There is also a secondary consideration of latency. A real-time display must have sufficiently low latency in relation to other events (e.g. behaviour of a real-time simulation) that there is no perceptible lag in display updates.
That's not actually an easy question (even without taking into account differences between individulas).
Wikipedia has a good article explaining why. For what it's worth, I think cinema films run at 24fps so, if you're happy with that, that's what I'd consider realtime.
It depends on what exactly you are trying to do. For some purposes 1fps or even 2 spf (Seconds per frame) could be considered real-time. For others thats way too slow ...

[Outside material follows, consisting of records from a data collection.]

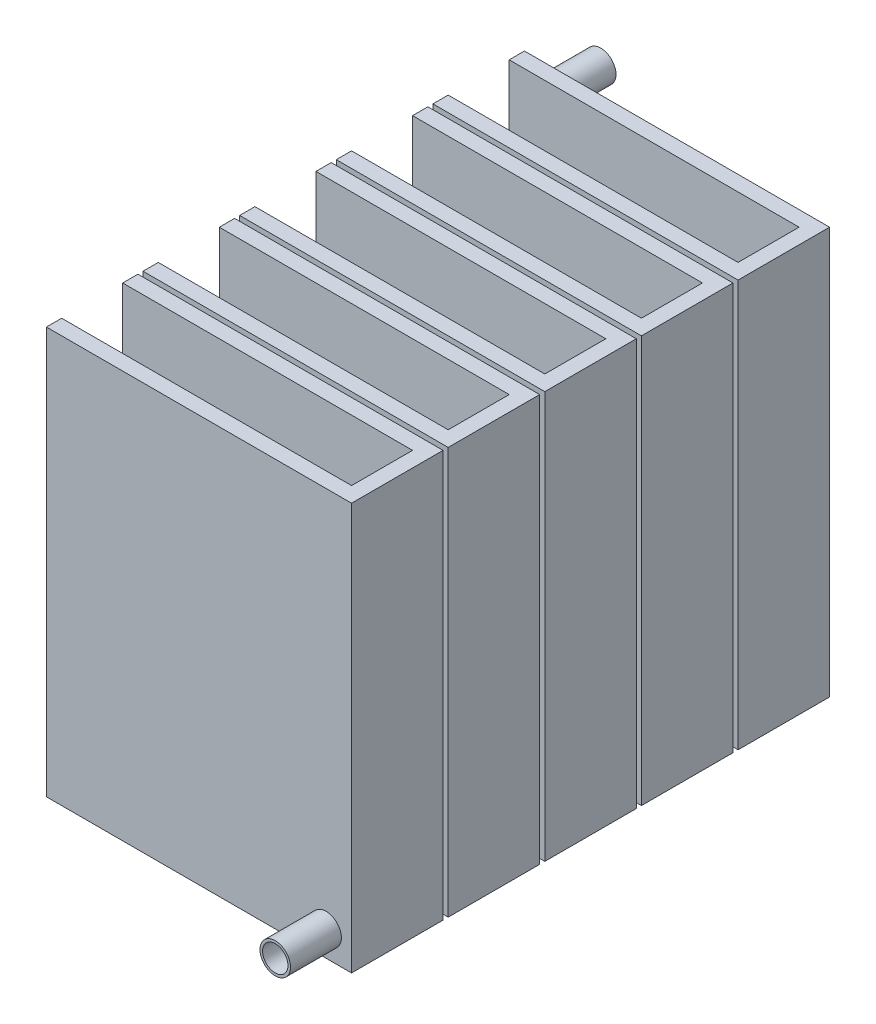
from build123d import *

# Parameters (mm, degrees)
SKETCH_1_W       = 60
SKETCH_1_H       = 80
EXTRUDE_1_DEPTH  = 3
SKETCH_2_W       = 60
SKETCH_2_H       = 80
EXTRUDE_2_DEPTH  = 3
SKETCH_4_R       = 3
EXTRUDE_5_DEPTH  = 10
SKETCH_6_R       = 3
EXTRUDE_7_DEPTH  = 1
SKETCH_7_W       = 60
SKETCH_7_H       = 80
EXTRUDE_8_DEPTH  = 3
SKETCH_10_W      = 3
SKETCH_10_H      = 80
EXTRUDE_11_DEPTH = 12
SKETCH_11_W      = 60
SKETCH_11_H      = 80
EXTRUDE_12_DEPTH = 3
SKETCH_12_W      = 3
SKETCH_12_H      = 80
EXTRUDE_13_DEPTH = 12
EXTRUDE_START    = 1
SKETCH_13_R      = 3
EXTRUDE_14_DEPTH = 1
SKETCH_14_W      = 60
SKETCH_14_H      = 80
EXTRUDE_15_DEPTH = 3
SKETCH_16_W      = 3
SKETCH_16_H      = 80
EXTRUDE_16_DEPTH = 12
SKETCH_18_W      = 60
SKETCH_18_H      = 80
EXTRUDE_17_DEPTH = 3
SKETCH_20_R      = 3
EXTRUDE_18_DEPTH = 1
SKETCH_21_W      = 60
SKETCH_21_H      = 80
EXTRUDE_19_DEPTH = 3
SKETCH_22_W      = 3
SKETCH_22_H      = 80
EXTRUDE_20_DEPTH = 12
SKETCH_23_W      = 60
SKETCH_23_H      = 80
EXTRUDE_21_DEPTH = 3
SKETCH_24_R      = 3
EXTRUDE_22_DEPTH = 1
SKETCH_25_W      = 60
SKETCH_25_H      = 80
EXTRUDE_23_DEPTH = 3
SKETCH_26_W      = 3
SKETCH_26_H      = 80
EXTRUDE_24_DEPTH = 12
SKETCH_28_W      = 60
SKETCH_28_H      = 80
EXTRUDE_25_DEPTH = 3
SKETCH_29_R      = 3
EXTRUDE_26_DEPTH = 10
SHELL_1_T        = -0.5
SHELL_2_T        = -0.5


with BuildPart() as part:
    # 草图1 → 凸台-拉伸1 (new body)
    with BuildSketch(Plane.XY):
        Rectangle(SKETCH_1_W, SKETCH_1_H)
    extrude(amount=EXTRUDE_1_DEPTH)

    # 草图4 → 凸台-拉伸5 (add)
    with BuildSketch(Plane.XY.offset(3)):
        with Locations((25, -35)):
            Circle(SKETCH_4_R)
    extrude(amount=EXTRUDE_5_DEPTH)



with BuildPart() as body_2:
    # 草图2 → 凸台-拉伸2 (new body)
    with BuildSketch(Plane(origin=(0, 0, -12), x_dir=(-1, 0, 0), z_dir=(0, 0, -1))):
        Rectangle(SKETCH_2_W, SKETCH_2_H)
    extrude(amount=EXTRUDE_2_DEPTH)


with BuildPart() as body_3:
    # 草图6 → 凸台-拉伸7 (new body)
    with BuildSketch(Plane(origin=(0, 0, -15), x_dir=(-1, 0, 0), z_dir=(0, 0, -1))):
        with Locations((25, 35)):
            Circle(SKETCH_6_R)
    extrude(amount=EXTRUDE_7_DEPTH)

    # 草图7 → 凸台-拉伸8 (add)
    with BuildSketch(Plane(origin=(0, 0, -16), x_dir=(-1, 0, 0), z_dir=(0, 0, -1))):
        Rectangle(SKETCH_7_W, SKETCH_7_H)
    extrude(amount=EXTRUDE_8_DEPTH)



with BuildPart() as part_1:
    add(part.part)

    add(body_2.part)  # 凸台-拉伸11 merges body 2
    # 草图10 → 凸台-拉伸11 (add)
    with BuildSketch(Plane.XY.offset(-12)):
        with Locations((28.5, 0)):
            Rectangle(SKETCH_10_W, SKETCH_10_H)
    extrude(amount=EXTRUDE_11_DEPTH)

    # 抽壳1
    shell_1_openings = [part_1.faces().sort_by_distance(p)[0] for p in [
        (25, -35, 13),
    ]]
    offset(amount=SHELL_1_T, openings=shell_1_openings, kind=Kind.INTERSECTION)


with BuildPart() as body_3_2:
    # 草图11 → 凸台-拉伸12 (new body)
    with BuildSketch(Plane(origin=(0, 0, -31), x_dir=(-1, 0, 0), z_dir=(0, 0, -1))):
        Rectangle(SKETCH_11_W, SKETCH_11_H)
    extrude(amount=EXTRUDE_12_DEPTH)


with BuildPart() as body_3_1:
    add(body_3.part)

    add(body_3_2.part)  # 凸台-拉伸13 merges body 3 2
    # 草图12 → 凸台-拉伸13 (add)
    with BuildSketch(Plane(origin=(0, 0, -31), x_dir=(-1, 0, 0), z_dir=(0, 0, -1))):
        with Locations((-28.5, 0)):
            Rectangle(SKETCH_12_W, SKETCH_12_H)
    extrude(amount=-EXTRUDE_13_DEPTH)

    # 草图13 → 凸台-拉伸14 (add)
    with BuildSketch(Plane(origin=(0, 0, -34), x_dir=(-1, 0, 0), z_dir=(0, 0, -1)).offset(EXTRUDE_START)):
        with Locations((-25, -35)):
            Circle(SKETCH_13_R)
    extrude(amount=-EXTRUDE_14_DEPTH)

    # 草图14 → 凸台-拉伸15 (add)
    with BuildSketch(Plane(origin=(0, 0, -35), x_dir=(-1, 0, 0), z_dir=(0, 0, -1))):
        Rectangle(SKETCH_14_W, SKETCH_14_H)
    extrude(amount=EXTRUDE_15_DEPTH)

    # 草图16 → 凸台-拉伸16 (add)
    with BuildSketch(Plane(origin=(0, 0, -38), x_dir=(-1, 0, 0), z_dir=(0, 0, -1))):
        with Locations((-28.5, 0)):
            Rectangle(SKETCH_16_W, SKETCH_16_H)
    extrude(amount=EXTRUDE_16_DEPTH)

    # 草图18 → 凸台-拉伸17 (add)
    with BuildSketch(Plane(origin=(0, 0, -50), x_dir=(-1, 0, 0), z_dir=(0, 0, -1))):
        Rectangle(SKETCH_18_W, SKETCH_18_H)
    extrude(amount=EXTRUDE_17_DEPTH)

    # 草图20 → 凸台-拉伸18 (add)
    with BuildSketch(Plane(origin=(0, 0, -53), x_dir=(-1, 0, 0), z_dir=(0, 0, -1))):
        with Locations((25, 35)):
            Circle(SKETCH_20_R)
    extrude(amount=EXTRUDE_18_DEPTH)

    # 草图21 → 凸台-拉伸19 (add)
    with BuildSketch(Plane(origin=(0, 0, -54), x_dir=(-1, 0, 0), z_dir=(0, 0, -1))):
        Rectangle(SKETCH_21_W, SKETCH_21_H)
    extrude(amount=EXTRUDE_19_DEPTH)

    # 草图22 → 凸台-拉伸20 (add)
    with BuildSketch(Plane(origin=(0, 0, -57), x_dir=(-1, 0, 0), z_dir=(0, 0, -1))):
        with Locations((-28.5, 0)):
            Rectangle(SKETCH_22_W, SKETCH_22_H)
    extrude(amount=EXTRUDE_20_DEPTH)

    # 草图23 → 凸台-拉伸21 (add)
    with BuildSketch(Plane(origin=(0, 0, -69), x_dir=(-1, 0, 0), z_dir=(0, 0, -1))):
        Rectangle(SKETCH_23_W, SKETCH_23_H)
    extrude(amount=EXTRUDE_21_DEPTH)

    # 草图24 → 凸台-拉伸22 (add)
    with BuildSketch(Plane(origin=(0, 0, -72), x_dir=(-1, 0, 0), z_dir=(0, 0, -1)).offset(EXTRUDE_START)):
        with Locations((-25, -35)):
            Circle(SKETCH_24_R)
    extrude(amount=-EXTRUDE_22_DEPTH)

    # 草图25 → 凸台-拉伸23 (add)
    with BuildSketch(Plane(origin=(0, 0, -73), x_dir=(-1, 0, 0), z_dir=(0, 0, -1))):
        Rectangle(SKETCH_25_W, SKETCH_25_H)
    extrude(amount=EXTRUDE_23_DEPTH)

    # 草图26 → 凸台-拉伸24 (add)
    with BuildSketch(Plane(origin=(0, 0, -76), x_dir=(-1, 0, 0), z_dir=(0, 0, -1))):
        with Locations((-28.5, 0)):
            Rectangle(SKETCH_26_W, SKETCH_26_H)
    extrude(amount=EXTRUDE_24_DEPTH)

    # 草图28 → 凸台-拉伸25 (add)
    with BuildSketch(Plane(origin=(0, 0, -88), x_dir=(-1, 0, 0), z_dir=(0, 0, -1))):
        Rectangle(SKETCH_28_W, SKETCH_28_H)
    extrude(amount=EXTRUDE_25_DEPTH)

    # 草图29 → 凸台-拉伸26 (add)
    with BuildSketch(Plane(origin=(0, 0, -91), x_dir=(-1, 0, 0), z_dir=(0, 0, -1))):
        with Locations((25, 35)):
            Circle(SKETCH_29_R)
    extrude(amount=EXTRUDE_26_DEPTH)

    # 抽壳2
    shell_2_openings = [body_3_1.faces().sort_by_distance(p)[0] for p in [
        (-25, 35, -101),
    ]]
    offset(amount=SHELL_2_T, openings=shell_2_openings, kind=Kind.INTERSECTION)


solid = Compound([part_1.part, body_3_1.part])

That said, real-time means that it takes as long (or less) to process x frames as it would take to just present those x frames.
It depends.
automatic aircraft cannon - 1000 fps
monitoring - 10 - 15 fps
authentication - 1 fps
medical devices - 1 fph
I guess the term is used with different meanings in different contexts. In industrial image processing, real time processing is usually the opposite of offline processing. In offline processing applications, you record images (many of them) and process them at a later time. In real time processing, the system that acquires the images also processes them, at the same time, so the processing frame rate must not be higher than the acquisition frame rate.
Real-time means your implementation is fast enough to meet some deadline. The deadline is part of your system's specification. If it's an interactive UI and the users are not too picky, 15Hz update can be OK, although it can feel laggy. If you're using it to drive a car along the motorway 30Hz is about right. If it's a missile, well, maybe 100Hz?